Simple, don't feed it, don't throw out fake apologies. Ignore it. Eventually he'll realise he's not getting the rise out of you he wants and he'll let it go.


----------



## Revamped (Jun 19, 2014)

peaceandhappiness said:


> Tonight he said the letter was me pointing fingers at him. I did not address anything I did wrong during the fight. I only dictate to him what I wont tolerate and he was pretty pissed off about the you disgust me part.... Anyways, I said well you also put your hands on me and he was very much like, ' you put your hands on your ears and I was just pulling the off, you act like I was hurting you, did it hurt you? and I said 'no but you aggressively yanked it off' so he was like then it wasnt violence.

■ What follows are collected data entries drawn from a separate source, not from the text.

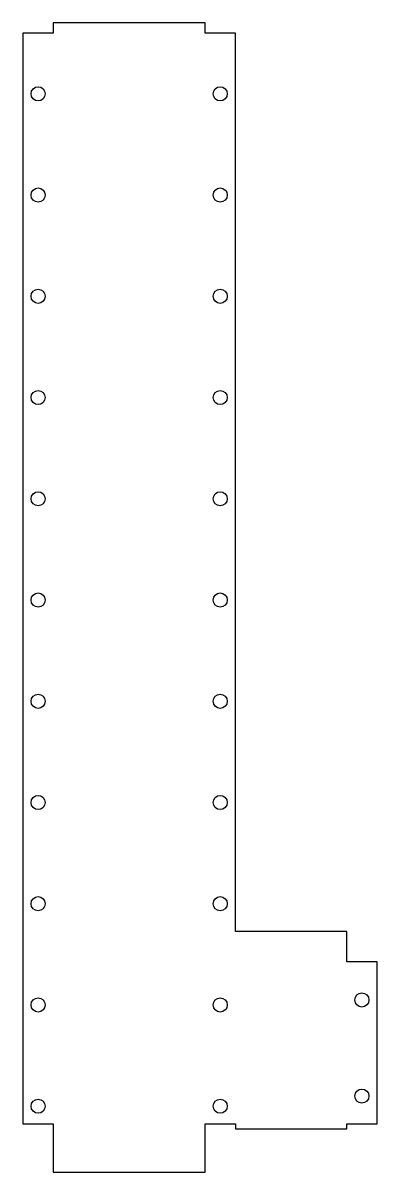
# Model space of a CAD drawing. Header units: millimetres. Extents: x -21 to 49, y 3 to 230.
import ezdxf

# ---------------------------------------------------------------- set-up
doc = ezdxf.new("R2010")
doc.units = ezdxf.units.MM
doc.header["$MEASUREMENT"] = 0
doc.layers.add('TOP PLATE', color=196, linetype='Continuous')

msp = doc.modelspace()

# ---------------------------------------------------------------- linework, layer by layer
at = {"layer": 'TOP PLATE'}
for p, q in [((15, 230), (-15, 230)), ((-15, 230), (-15, 228)), ((15, 228), (15, 230)), ((-21, 228), (-21, 12.5)), ((-15, 228), (-21, 228)), ((21, 228), (15, 228)), ((21, 50.5), (21, 228)), ((43, 50.5), (21, 50.5)), ((43, 44.5), (43, 50.5)), ((49, 44.5), (43, 44.5)), ((49, 12.5), (49, 44.5)), ((-21, 12.5), (-15, 12.5)), ((-15, 12.5), (-15, 3)), ((15, 3), (15, 12.5)), ((15, 12.5), (21, 12.5)), ((21, 12.5), (21, 11.5)), ((21, 11.5), (43, 11.5)), ((43, 11.5), (43, 12.5)), ((43, 12.5), (49, 12.5)), ((-15, 3), (15, 3))]:
    msp.add_line(p, q, dxfattribs=at)
for centre in [(-18, 216), (18, 216), (-18, 196), (18, 196), (-18, 176), (18, 176), (-18, 156), (18, 156), (-18, 136), (18, 136), (-18, 116), (18, 116), (-18, 96), (18, 96), (-18, 76), (18, 76), (-18, 56), (18, 56), (-18, 36), (18, 36), (46, 37), (46, 18), (-18, 16), (18, 16)]:
    msp.add_circle(centre, 1.4, dxfattribs=at)

doc.saveas('drawing.dxf')
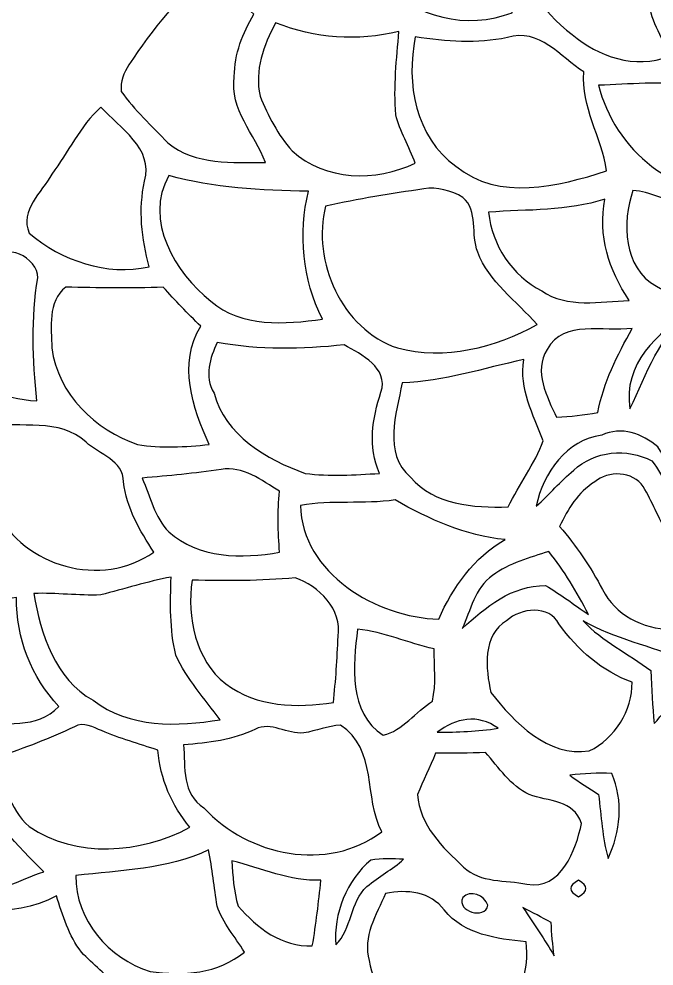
# Model space of a CAD drawing. Extents: x -110 to 93, y -182 to 230.
# Drawn here: x -76.86 to -49.27, y -17.64 to 23.53 of the extents above; entities that cross this region are included whole.
import ezdxf

# ---------------------------------------------------------------- set-up
doc = ezdxf.new("R2010")
doc.units = 0
doc.header["$MEASUREMENT"] = 0
doc.layers.add('LAAG_1', color=7, linetype='CONTINUOUS')

msp = doc.modelspace()

# ---------------------------------------------------------------- linework, layer by layer
at = {"layer": 'LAAG_1', "color": 250}
for points, knots in [([(-70.2479, 30.1658), (-68.4521, 30.979), (-66.8594, 32.1989), (-64.8943, 32.5036), (-64.8943, 32.5036), (-65.9783, 30.8771), (-68.2146, 31.0806), (-69.7737, 30.132), (-69.7737, 30.132), (-72.3485, 28.6409), (-74.9238, 27.0146), (-77.0922, 24.9143), (-77.0922, 24.9143), (-78.346, 23.8973), (-79.3622, 22.6437), (-80.7179, 21.7628), (-80.7179, 21.7628), (-81.9714, 20.814), (-83.2927, 20.0011), (-84.4788, 18.9508), (-84.4788, 18.9508), (-83.1574, 17.968), (-81.4972, 19.0181), (-79.9723, 18.5774), (-79.9723, 18.5774), (-81.4633, 17.7988), (-83.1911, 18.0016), (-84.7838, 17.9338), (-84.7838, 17.9338), (-85.4954, 17.9001), (-86.2068, 18.0357), (-86.8845, 18.2391), (-86.8845, 18.2391), (-85.1904, 18.9846), (-83.6319, 19.967), (-82.31, 21.2883), (-82.31, 21.2883), (-78.4473, 24.4397), (-74.6868, 27.828), (-70.2479, 30.1656), (-70.2479, 30.1656), (-70.2479, 30.1656), (-70.2479, 30.1658), (-70.2479, 30.1658)], [0, 0, 0, 0, 0.0909091, 0.0909091, 0.0909091, 0.0909091, 0.1818182, 0.1818182, 0.1818182, 0.1818182, 0.2727273, 0.2727273, 0.2727273, 0.2727273, 0.3636364, 0.3636364, 0.3636364, 0.3636364, 0.4545455, 0.4545455, 0.4545455, 0.4545455, 0.5454545, 0.5454545, 0.5454545, 0.5454545, 0.6363636, 0.6363636, 0.6363636, 0.6363636, 0.7272727, 0.7272727, 0.7272727, 0.7272727, 0.8181818, 0.8181818, 0.8181818, 0.8181818, 0.9090909, 0.9090909, 0.9090909, 0.9090909, 1, 1, 1, 1]), ([(-61.0313, 25.1513), (-62.048, 26.6081), (-62.3194, 29.0141), (-60.7606, 30.1995), (-60.7606, 30.1995), (-59.3714, 29.3865), (-57.8469, 28.6752), (-56.1524, 28.8104), (-56.1524, 28.8104), (-56.39, 27.0487), (-55.6102, 25.49), (-55.4411, 23.7959), (-55.4411, 23.7959), (-57.3721, 23.0505), (-59.6767, 23.5584), (-61.0313, 25.1511), (-61.0313, 25.1511), (-61.0313, 25.1511), (-61.0313, 25.1513), (-61.0313, 25.1513)], [0, 0, 0, 0, 0.2, 0.2, 0.2, 0.2, 0.4, 0.4, 0.4, 0.4, 0.6, 0.6, 0.6, 0.6, 0.8, 0.8, 0.8, 0.8, 1, 1, 1, 1]), ([(-55.1358, 27.1506), (-55.0681, 27.7947), (-55.3052, 28.6752), (-54.5936, 28.9795), (-54.5936, 28.9795), (-53.3067, 28.6071), (-52.188, 27.7601), (-50.8666, 27.5566), (-50.8666, 27.5566), (-50.1888, 27.4556), (-49.4775, 27.4215), (-48.7659, 27.3534), (-48.7659, 27.3534), (-48.8675, 26.3369), (-49.5453, 25.49), (-49.4775, 24.4395), (-49.4775, 24.4395), (-49.5117, 23.5248), (-48.9017, 22.7794), (-48.63, 21.8982), (-48.63, 21.8982), (-50.0872, 21.3219), (-51.7138, 21.8982), (-52.8319, 22.8471), (-52.8319, 22.8471), (-54.1873, 23.8633), (-55.2378, 25.4222), (-55.1359, 27.1504), (-55.1359, 27.1504), (-55.1359, 27.1504), (-55.1358, 27.1506), (-55.1358, 27.1506)], [0, 0, 0, 0, 0.125, 0.125, 0.125, 0.125, 0.25, 0.25, 0.25, 0.25, 0.375, 0.375, 0.375, 0.375, 0.5, 0.5, 0.5, 0.5, 0.625, 0.625, 0.625, 0.625, 0.75, 0.75, 0.75, 0.75, 0.875, 0.875, 0.875, 0.875, 1, 1, 1, 1]), ([(-72.0777, 21.5258), (-71.0611, 23.0847), (-69.875, 24.5073), (-68.486, 25.7614), (-68.486, 25.7614), (-67.9096, 25.0494), (-67.334, 24.3382), (-66.6563, 23.7282), (-66.6563, 23.7282), (-67.1308, 22.915), (-67.5033, 22.0003), (-67.5033, 21.0172), (-67.5033, 21.0172), (-67.7065, 19.5945), (-66.6222, 18.5101), (-66.1481, 17.2908), (-66.1481, 17.2908), (-67.571, 17.2908), (-69.1976, 17.1546), (-70.3834, 18.1376), (-70.3834, 18.1376), (-71.095, 18.8825), (-71.84, 19.5604), (-72.4167, 20.3736), (-72.4167, 20.3736), (-72.4501, 20.814), (-72.3147, 21.1864), (-72.0777, 21.5258), (-72.0777, 21.5258), (-72.0777, 21.5258), (-72.0777, 21.5258), (-72.0777, 21.5258)], [0, 0, 0, 0, 0.125, 0.125, 0.125, 0.125, 0.25, 0.25, 0.25, 0.25, 0.375, 0.375, 0.375, 0.375, 0.5, 0.5, 0.5, 0.5, 0.625, 0.625, 0.625, 0.625, 0.75, 0.75, 0.75, 0.75, 0.875, 0.875, 0.875, 0.875, 1, 1, 1, 1]), ([(-65.7077, 23.3558), (-64.0135, 22.6775), (-62.1496, 22.5419), (-60.354, 22.9826), (-60.354, 22.9826), (-60.4556, 21.7964), (-60.5914, 20.577), (-60.4895, 19.357), (-60.4895, 19.357), (-60.3203, 18.6457), (-59.9134, 17.968), (-59.6423, 17.2561), (-59.6423, 17.2561), (-61.3703, 16.4433), (-63.5391, 16.4769), (-64.9962, 17.7988), (-64.9962, 17.7988), (-65.6056, 18.4761), (-66.0465, 19.3234), (-66.3852, 20.1709), (-66.3852, 20.1709), (-66.6221, 21.2883), (-66.2495, 22.3733), (-65.7078, 23.3556), (-65.7078, 23.3556), (-65.7078, 23.3556), (-65.7077, 23.3558), (-65.7077, 23.3558)], [0, 0, 0, 0, 0.1428571, 0.1428571, 0.1428571, 0.1428571, 0.2857143, 0.2857143, 0.2857143, 0.2857143, 0.4285714, 0.4285714, 0.4285714, 0.4285714, 0.5714286, 0.5714286, 0.5714286, 0.5714286, 0.7142857, 0.7142857, 0.7142857, 0.7142857, 0.8571429, 0.8571429, 0.8571429, 0.8571429, 1, 1, 1, 1]), ([(-59.6423, 22.7458), (-58.2871, 22.5419), (-56.9658, 22.4405), (-55.6446, 22.7116), (-55.6446, 22.7116), (-54.2551, 23.1518), (-53.3401, 21.8647), (-52.3241, 21.2205), (-52.3241, 21.2205), (-52.4592, 19.6965), (-51.544, 18.4087), (-51.3408, 16.9171), (-51.3408, 16.9171), (-53.4421, 16.2396), (-56.017, 15.5958), (-57.8806, 17.121), (-57.8806, 17.121), (-59.6423, 18.4087), (-60.0489, 20.7125), (-59.6423, 22.7456), (-59.6423, 22.7456), (-59.6423, 22.7456), (-59.6423, 22.7458), (-59.6423, 22.7458)], [0, 0, 0, 0, 0.1666667, 0.1666667, 0.1666667, 0.1666667, 0.3333333, 0.3333333, 0.3333333, 0.3333333, 0.5, 0.5, 0.5, 0.5, 0.6666667, 0.6666667, 0.6666667, 0.6666667, 0.8333333, 0.8333333, 0.8333333, 0.8333333, 1, 1, 1, 1]), ([(-51.6799, 20.6449), (-50.3581, 20.6789), (-48.9689, 20.8481), (-47.6476, 20.6111), (-47.6476, 20.6111), (-46.8348, 20.0349), (-46.0552, 19.4248), (-45.2764, 18.8825), (-45.2764, 18.8825), (-45.2762, 17.968), (-45.3097, 17.0874), (-45.3436, 16.1727), (-45.3436, 16.1727), (-48.2576, 15.4267), (-51.0363, 17.9338), (-51.6799, 20.6447), (-51.6799, 20.6447), (-51.6799, 20.6447), (-51.6799, 20.6449), (-51.6799, 20.6449)], [0, 0, 0, 0, 0.2, 0.2, 0.2, 0.2, 0.4, 0.4, 0.4, 0.4, 0.6, 0.6, 0.6, 0.6, 0.8, 0.8, 0.8, 0.8, 1, 1, 1, 1]), ([(-75.432, 16.7822), (-74.7204, 17.7311), (-74.2121, 18.8489), (-73.2974, 19.6964), (-73.2974, 19.6964), (-72.484, 18.7814), (-70.9934, 17.9001), (-71.3997, 16.4769), (-71.3997, 16.4769), (-71.6708, 15.257), (-71.5353, 13.9698), (-71.1967, 12.7498), (-71.1967, 12.7498), (-73.06, 12.3427), (-74.9918, 13.0209), (-76.4147, 14.2073), (-76.4147, 14.2073), (-76.821, 15.2233), (-75.8722, 15.9684), (-75.432, 16.7821), (-75.432, 16.7821), (-75.432, 16.7821), (-75.432, 16.7822), (-75.432, 16.7822)], [0, 0, 0, 0, 0.1666667, 0.1666667, 0.1666667, 0.1666667, 0.3333333, 0.3333333, 0.3333333, 0.3333333, 0.5, 0.5, 0.5, 0.5, 0.6666667, 0.6666667, 0.6666667, 0.6666667, 0.8333333, 0.8333333, 0.8333333, 0.8333333, 1, 1, 1, 1]), ([(-70.3495, 16.7145), (-68.3842, 16.1728), (-66.3513, 16.0703), (-64.2843, 16.0367), (-64.2843, 16.0367), (-64.7247, 14.2073), (-64.5557, 12.2076), (-63.6743, 10.4797), (-63.6743, 10.4797), (-65.3006, 10.2424), (-67.1983, 10.1072), (-68.5196, 11.2589), (-68.5196, 11.2589), (-70.0784, 12.4789), (-71.434, 14.783), (-70.3495, 16.7144), (-70.3495, 16.7144), (-70.3495, 16.7144), (-70.3495, 16.7145), (-70.3495, 16.7145)], [0, 0, 0, 0, 0.2, 0.2, 0.2, 0.2, 0.4, 0.4, 0.4, 0.4, 0.6, 0.6, 0.6, 0.6, 0.8, 0.8, 0.8, 0.8, 1, 1, 1, 1]), ([(-63.5391, 15.3926), (-62.116, 15.6977), (-60.6927, 15.9352), (-59.2701, 16.138), (-59.2701, 16.138), (-58.6939, 16.2396), (-58.084, 16.0703), (-57.5758, 15.7661), (-57.5758, 15.7661), (-56.8979, 15.1898), (-57.2369, 14.139), (-56.9315, 13.3939), (-56.9315, 13.3939), (-56.4574, 12.1059), (-55.2378, 11.2589), (-54.3571, 10.2422), (-54.3571, 10.2422), (-56.1866, 9.2262), (-58.3554, 8.6839), (-60.422, 9.2261), (-60.422, 9.2261), (-62.8276, 10.0395), (-64.1488, 12.9868), (-63.5391, 15.3926), (-63.5391, 15.3926), (-63.5391, 15.3926), (-63.5391, 15.3926), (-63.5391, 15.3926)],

Hon, you're scaring the crap out of me. You need to end this. Now. I mean right now. He doesn't understand he has NO RIGHT EVER TO PUT HIS HANDS ON YOU. And you want to argue with him. 

STOP.

NOW.

This can escalate in a matter of seconds. I'm not going to quote domestic violence figures at you. I'll just point out, this is how it all starts. He does a small act of violence, you resist, he retreats but comes at you in a different way. And you stand around and ARGUE.

Face the facts here. This isn't WORKING. In the past three days of you posting here, it's gotten WORSE.

Do me a favor.... It's a holiday weekend. Pack a bag and go to your parents. Don't tell him until you get there. Show your mom these posts. Tell her this is YOUR LIFE. Talk it out with her, decide whether or not to go back.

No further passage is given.